When reckless behaviours are detected, all of this information — the speed, the plate number, the cropped driver photo and the likelihood of a texting or seatbelt infraction, expressed as a percentage — are immediately relayed to a human adjudicator in a remote command station. If there’s a clear infraction, based on the adjudicator’s assessment of the machine-flagged photo, then they can either issue a ticket directly, or else alert an enforcement officer up the road from where the photo was taken. (The ticketing protocol differs from region to region.) In either case, the ticket is accompanied by a photo of the alleged infraction(s), so drivers can see for themselves. License plate information is only retained for vehicles of interest, but all speeds and AI-detected infractions are logged by the system, allowing for anonymized, accurate and verifiable compiling of ECD, seatbelt and speeding infraction rates.

So this Australian innovation doesn’t “automatically issue tickets” as the CCMTA report suggests. And it’s important to realize that it detects seatbelt use and speeding as well as ECD use. It was indeed an “emerging technology” when CCMTA described it two years ago, but since then it has been successfully deployed for enforcement in the New South Wales (Australia), where infraction rates have dropped from 1.22% per vehicle (pilot of January 2019) to 0.27% (statement of June 2020).

In short, this system allows for fair and accurate assessment of multiple dangerous behaviours, and — crucially — it resulted in a dramatic reduction in dangerous driving thanks to the right combination of legislation, enforcement and public messaging. As noted on the excellent Transport for NSW program information page, the Monash University Accident Research Centre estimates that the Heads-Up program will result in a reduction of ~100 fatal and serious injury crashes over a five-year period in New South Wales alone.

The need for leadership

The dramatic reduction of road trauma brings us back to Sweden, which has 2.2 traffic deaths per million population per annum, compared to Canada’s 5.8. This difference has little to do with climate, say, or distance travelled, or anything else besides safety culture. The Swedish Transport Administration are leaders in road safety, and they have the data to prove it.

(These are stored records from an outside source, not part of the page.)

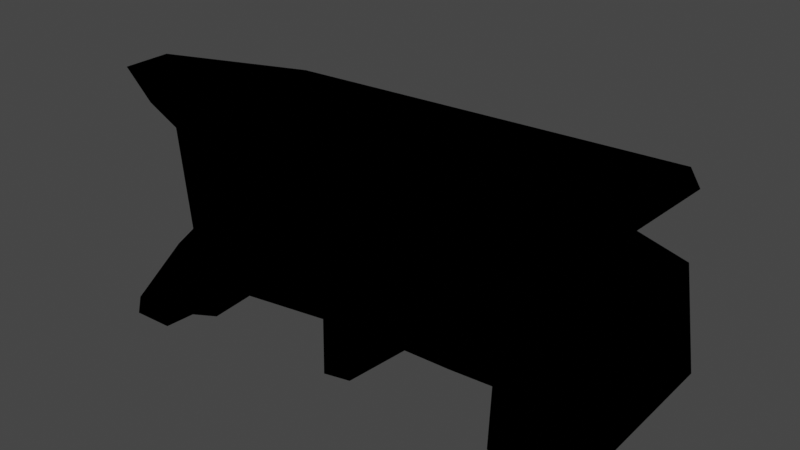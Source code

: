# Source: TwnObj_Village_HatenoChickenShed_A_01_Far.blend  (saved by Blender 3.6.11; exported with 4.5.12 LTS)
import bpy
from mathutils import Matrix  # noqa: F401  (used for matrix-valued properties, if any)

bpy.ops.wm.read_factory_settings(use_empty=True)
scene = bpy.context.scene
scene.name = 'Scene'

# ---- collections
col_twnobj_village_hatenochickenshed_a_01_far = bpy.data.collections.new('TwnObj_Village_HatenoChickenShed_A_01_Far'); scene.collection.children.link(col_twnobj_village_hatenochickenshed_a_01_far)

# ---- images (referenced by path relative to the original .blend; pixels are not part of the script)
import os
ASSET_DIR = os.environ.get("B2B_ASSET_DIR", "")  # directory of the original .blend (textures are referenced by path, not embedded)
HERE = os.path.dirname(os.path.abspath(__file__))  # packed textures are extracted next to this script under _unpacked/

def load_image(name, relpath, width, height, colorspace="sRGB"):
    """Load a texture the original file referenced (path relative to the .blend, or extracted next to this script)."""
    p = next((c for c in (os.path.join(HERE, relpath), os.path.join(ASSET_DIR, relpath)) if relpath and os.path.exists(c)), "")
    if p:
        img = bpy.data.images.load(p, check_existing=True)
        img.name = name
    else:  # same state as the original file: an image datablock whose file is absent (Cycles renders it pink)
        img = bpy.data.images.new(name, width, height)
        img.source = "FILE"
        img.filepath = "//" + (relpath or name)
    img.colorspace_settings.name = colorspace
    return img
img_far_twnobj_village_hatenochickenshed_a_01_alb_png = load_image('Far_TwnObj_Village_HatenoChickenShed_A_01_Alb.png', 'Far_TwnObj_Village_HatenoChickenShed_A_01_Alb.png', 1024, 1024, 'sRGB')

# ---- materials (node trees are filled in below, after node groups)
mat_far_twnobj_village_hatenochickenshed_a_01 = bpy.data.materials.new('Far_TwnObj_Village_HatenoChickenShed_A_01')
mat_far_twnobj_village_hatenochickenshed_a_01.use_transparent_shadow = False

# ---- material node trees
mat_far_twnobj_village_hatenochickenshed_a_01.use_nodes = True; mat_far_twnobj_village_hatenochickenshed_a_01.node_tree.nodes.clear()
_N = mat_far_twnobj_village_hatenochickenshed_a_01.node_tree.nodes; _L = mat_far_twnobj_village_hatenochickenshed_a_01.node_tree.links
n0 = _N.new('ShaderNodeOutputMaterial'); n0.name = 'Material Output'; n0.location = (300, 300)
n1 = _N.new('ShaderNodeTexImage'); n1.name = 'Image Texture'; n1.location = (-300, 300)
n1.label = 'Base Color'
n1.image = img_far_twnobj_village_hatenochickenshed_a_01_alb_png
n2 = _N.new('ShaderNodeGroup'); n2.name = 'SharedBSDF'; n2.location = (0, 300)
n2.label = 'SharedBSDF'
n2.node_tree = None
n3 = _N.new('ShaderNodeOutputMaterial'); n3.name = 'Material Output.001'; n3.location = (300, 150)
n3.target = 'CYCLES'
n4 = _N.new('ShaderNodeBsdfPrincipled'); n4.name = 'Principled BSDF'; n4.location = (0, 0)
n4.distribution = 'GGX'
n4.subsurface_method = 'RANDOM_WALK_SKIN'
n4.inputs[3].default_value = 1.45
n4.inputs[27].default_value = (0.0, 0.0, 0.0, 1.0)
n4.inputs[28].default_value = 1.0
n5 = _N.new('ShaderNodeNormalMap'); n5.name = 'Normal Map'; n5.location = (0, 0)
n6 = _N.new('ShaderNodeBsdfPrincipled'); n6.name = 'Principled BSDF.001'; n6.location = (0, 0)
n6.distribution = 'GGX'
n6.subsurface_method = 'RANDOM_WALK_SKIN'
n6.inputs[3].default_value = 1.45
n6.inputs[27].default_value = (0.0, 0.0, 0.0, 1.0)
n6.inputs[28].default_value = 1.0
n7 = _N.new('ShaderNodeNormalMap'); n7.name = 'Normal Map.001'; n7.location = (0, 0)
n8 = _N.new('ShaderNodeBsdfPrincipled'); n8.name = 'Principled BSDF.002'; n8.location = (0, 0)
n8.distribution = 'GGX'
n8.subsurface_method = 'RANDOM_WALK_SKIN'
n8.inputs[3].default_value = 1.45
n8.inputs[27].default_value = (0.0, 0.0, 0.0, 1.0)
n8.inputs[28].default_value = 1.0
n9 = _N.new('ShaderNodeNormalMap'); n9.name = 'Normal Map.002'; n9.location = (0, 0)
_L.new(n1.outputs[0], n4.inputs[0])
_L.new(n1.outputs[0], n6.inputs[0])
_L.new(n1.outputs[0], n8.inputs[0])
_L.new(n8.outputs[0], n0.inputs[0])
n0.is_active_output = True

# ---- world
world_world = bpy.data.worlds.new('World'); scene.world = world_world
world_world.use_nodes = True; world_world.node_tree.nodes.clear()
_N = world_world.node_tree.nodes; _L = world_world.node_tree.links
n0 = _N.new('ShaderNodeOutputWorld'); n0.name = 'World Output'; n0.location = (300, 300)
n1 = _N.new('ShaderNodeBackground'); n1.name = 'Background'; n1.location = (10, 300)
n1.inputs[0].default_value = (0.05088, 0.05088, 0.05088, 1.0)
_L.new(n1.outputs[0], n0.inputs[0])
n0.is_active_output = True
world_world.color = (0.05088, 0.05088, 0.05088)
world_world.use_sun_shadow = False
world_world.sun_shadow_jitter_overblur = 0.0

# ---- meshes
me_root__far_twnobj_village_hatenochickenshed_a_01 = bpy.data.meshes.new('Root__Far_TwnObj_Village_HatenoChickenShed_A_01')
me_root__far_twnobj_village_hatenochickenshed_a_01.from_pydata([(3.092, 0.03616, 1.827), (-3.225, -0.001916, 0.9272), (-0.5107, 0.5386, 0.7505), (3.684, 1.296, 0.856), (2.932, 3.566, 1.411), (-0.73, 0.1481, -2.012), (0.5005, 0.1013, -2.064), (0.2976, 0.1565, -2.188), (-0.3611, 0.3398, -2.127), (-2.533, 2.453, -1.189), (0.2703, 2.918, -1.479), (4.391, 3.934, 1.837), (4.035, 3.725, -2.256), (-3.887, 2.824, -1.327), (-4.562, 4.25, 1.01), (3.246, 3.234, -0.2455), (3.641, 3.572, 1.763), (3.537, 1.932, 1.242), (3.959, 0.9062, 1.779), (-1.256, 0.5674, 0.2842), (-1.254, 2.117, 0.4307), (-3.01, 2.648, 1.633), (-3.143, 0.001316, 1.851), (-3.562, -0.01208, 2.074), (-3.627, -0.0289, 2.637), (-4.258, 0.3997, 2.705), (-4.43, -0.03882, 2.662), (-4.527, -0.1843, -2.24), (4.395, 3.566, -1.903), (4.559, 4.594, 2.113), (-4.496, 4.734, 1.354), (-4.719, 4.633, 2.074), (-4.516, 3.484, -2.154), (-3.557, 3.943, 1.023), (-3.215, 2.188, 0.9365), (-4.406, 1.017, 1.582), (-4.434, 2.178, -2.174), (-3.145, 2.898, -1.438), (-2.83, 0.03699, -2.537), (2.932, -0.1204, -2.213), (3.389, 2.561, -1.333), (4.289, 2.115, -2.098), (3.816, 2.979, -1.031), (-0.3181, 0.111, 0.5742), (-0.2546, 2.088, 1.231), (-0.3489, 3.584, 1.797), (-0.3181, -0.01035, 1.907), (0.6187, 3.154, 1.073), (0.3247, 3.625, 1.729), (-2.58, 3.168, 1.035), (-2.842, 3.924, 1.858), (-3.777, 0.6572, 1.989), (-3.701, 1.625, 1.76), (-3.82, 3.635, 1.833), (-4.48, 3.951, 1.828), (0.269, 2.613, 1.708), (2.938, 3.625, 1.756), (-3.811, 4.652, 2.26), (0.2024, 0.5508, 1.137), (0.2004, 0.02206, 1.821), (0.4182, 0.1101, 0.5278), (0.5977, 1.788, 0.7466), (1.339, 0.07251, 0.5215), (2.4, 1.776, 0.5986), (2.668, 2.662, 1.516), (3.246, 1.999, 1.948), (2.678, 0.3706, 0.7817), (3.807, -0.08142, -0.2307), (4.43, 0.9414, 0.9365), (4.559, -0.02872, -2.193), (4.531, -0.2404, 2.451), (4.051, 0.3584, 2.525), (0.5, 0.1266, -2.045), (-4.566, -0.2134, -2.43), (-0.2993, 3.607, 1.695), (4.066, 3.717, -2.268), (0.2615, 2.902, -1.441), (-3.832, 2.807, -1.315), (-1.122, 0.6357, 0.05026), (-4.816, 4.621, 1.099), (4.613, -0.01229, -2.186), (4.512, -0.2101, 2.525), (3.383, 2.648, -1.412), (3.951, 1.009, 1.853), (4.297, 2.117, -2.096), (-3.908, 4.699, 2.287), (-2.924, 3.924, 1.783), (-3.154, -0.04431, 1.006), (-3.523, 1.668, 1.779), (-4.523, -0.007526, 2.764), (-4.438, 2.162, -2.172), (2.932, -0.1353, -2.275), (1.388, 0.1534, 0.4336), (2.232, 1.79, 0.6685), (-0.3005, -0.04526, 1.738), (4.473, 4.598, 2.137)], [], [(10, 36, 9), (70, 0, 67), (1, 43, 2), (1, 2, 19), (68, 17, 3), (4, 48, 47), (39, 5, 27), (5, 39, 6), (7, 8, 5), (6, 7, 5), (9, 36, 37), (9, 37, 10), (28, 29, 11), (11, 42, 28), (12, 28, 42), (12, 42, 40), (40, 10, 12), (12, 10, 32), (10, 37, 32), (37, 13, 32), (32, 13, 14), (42, 11, 15), (15, 11, 16), (17, 15, 16), (15, 17, 42), (42, 17, 41), (16, 18, 17), (3, 17, 18), (19, 44, 20), (1, 19, 20), (20, 21, 1), (20, 44, 21), (1, 21, 22), (21, 23, 22), (23, 21, 51), (23, 51, 24), (24, 51, 25), (26, 24, 25), (35, 25, 51), (25, 35, 26), (27, 26, 35), (28, 12, 29), (12, 30, 29), (12, 32, 30), (29, 30, 57), (30, 31, 57), (31, 30, 14), (32, 14, 30), (14, 54, 31), (14, 53, 54), (14, 33, 53), (13, 33, 14), (34, 53, 33), (13, 34, 33), (34, 52, 53), (35, 52, 34), (13, 35, 34), (52, 35, 51), (36, 35, 13), (13, 37, 36), (36, 27, 35), (36, 38, 27), (38, 39, 27), (36, 10, 40), (39, 38, 41), (41, 38, 36), (40, 41, 36), (69, 39, 41), (41, 40, 42), (43, 46, 2), (2, 46, 44), (2, 44, 19), (45, 44, 46), (46, 59, 45), (59, 55, 45), (47, 48, 55), (55, 48, 45), (48, 57, 45), (49, 44, 45), (44, 49, 21), (49, 45, 50), (49, 50, 21), (57, 50, 45), (21, 50, 51), (51, 50, 52), (52, 50, 53), (53, 50, 54), (50, 57, 54), (57, 31, 54), (4, 47, 55), (64, 4, 55), (64, 65, 4), (16, 65, 18), (65, 56, 4), (16, 56, 65), (56, 48, 4), (56, 57, 48), (57, 56, 29), (16, 29, 56), (16, 11, 29), (58, 59, 60), (58, 55, 59), (58, 61, 55), (60, 62, 58), (62, 61, 58), (63, 55, 61), (62, 63, 61), (55, 63, 64), (63, 65, 64), (63, 62, 66), (62, 67, 66), (0, 66, 67), (63, 66, 0), (0, 65, 63), (18, 65, 0), (0, 71, 18), (70, 71, 0), (41, 17, 68), (69, 41, 68), (70, 69, 68), (70, 68, 71), (68, 18, 71), (68, 3, 18)])
me_root__far_twnobj_village_hatenochickenshed_a_01.polygons.foreach_set('use_smooth', [1, 1, 1, 1, 0, 1, 1, 1, 1, 1, 1, 1, 1, 1, 1, 1, 1, 1, 1, 1, 1, 1, 1, 1, 1, 1, 1, 1, 1, 1, 1, 1, 1, 1, 1, 1, 1, 1, 1, 1, 1, 1, 1, 1, 1, 1, 1, 1, 1, 1, 1, 1, 1, 1, 1, 1, 1, 1, 1, 1, 1, 1, 1, 1, 1, 1, 1, 1, 1, 1, 1, 1, 1, 1, 1, 1, 1, 1, 1, 1, 1, 1, 1, 1, 1, 1, 1, 1, 1, 1, 1, 1, 1, 1, 1, 1, 1, 1, 1, 1, 1, 1, 1, 1, 1, 1, 1, 1, 1, 1, 1, 1, 1, 1, 1, 1, 1, 1, 1, 1, 1, 1, 1])
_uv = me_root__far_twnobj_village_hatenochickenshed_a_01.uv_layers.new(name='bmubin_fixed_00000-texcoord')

The Swedes were at the forefront of the evidence-based safe systems approach to road safety, epitomized by their legendarily principled and effective Vision Zero program which began in 1997. The Vision Zero founders, including Claes Tingvall, Director of Traffic Safety at Swedish Transport Administration, contended that every road death and serious injury is preventable, and that we must do everything within our means to eliminate road trauma. In his own words:

The Heads-Up system clearly has the potential to accurately assess and reduce the incidence of ECD, seatbelt and speeding infractions on our roads. So until a better system comes along, we need to embrace it like our lives depend on it. In the present case all we have to do is follow the excellent example of New South Wales, who have been exemplary in their choice of technology, as well as in their legislation, enforcement, measurement and public messaging. The first step in Canada would be to pilot the equipment with the plate detection disabled, allowing us to test the equipment and to accurately assess rates of distracted driving, seat belt use and speeding.

Seriously, Canada … what are we waiting for?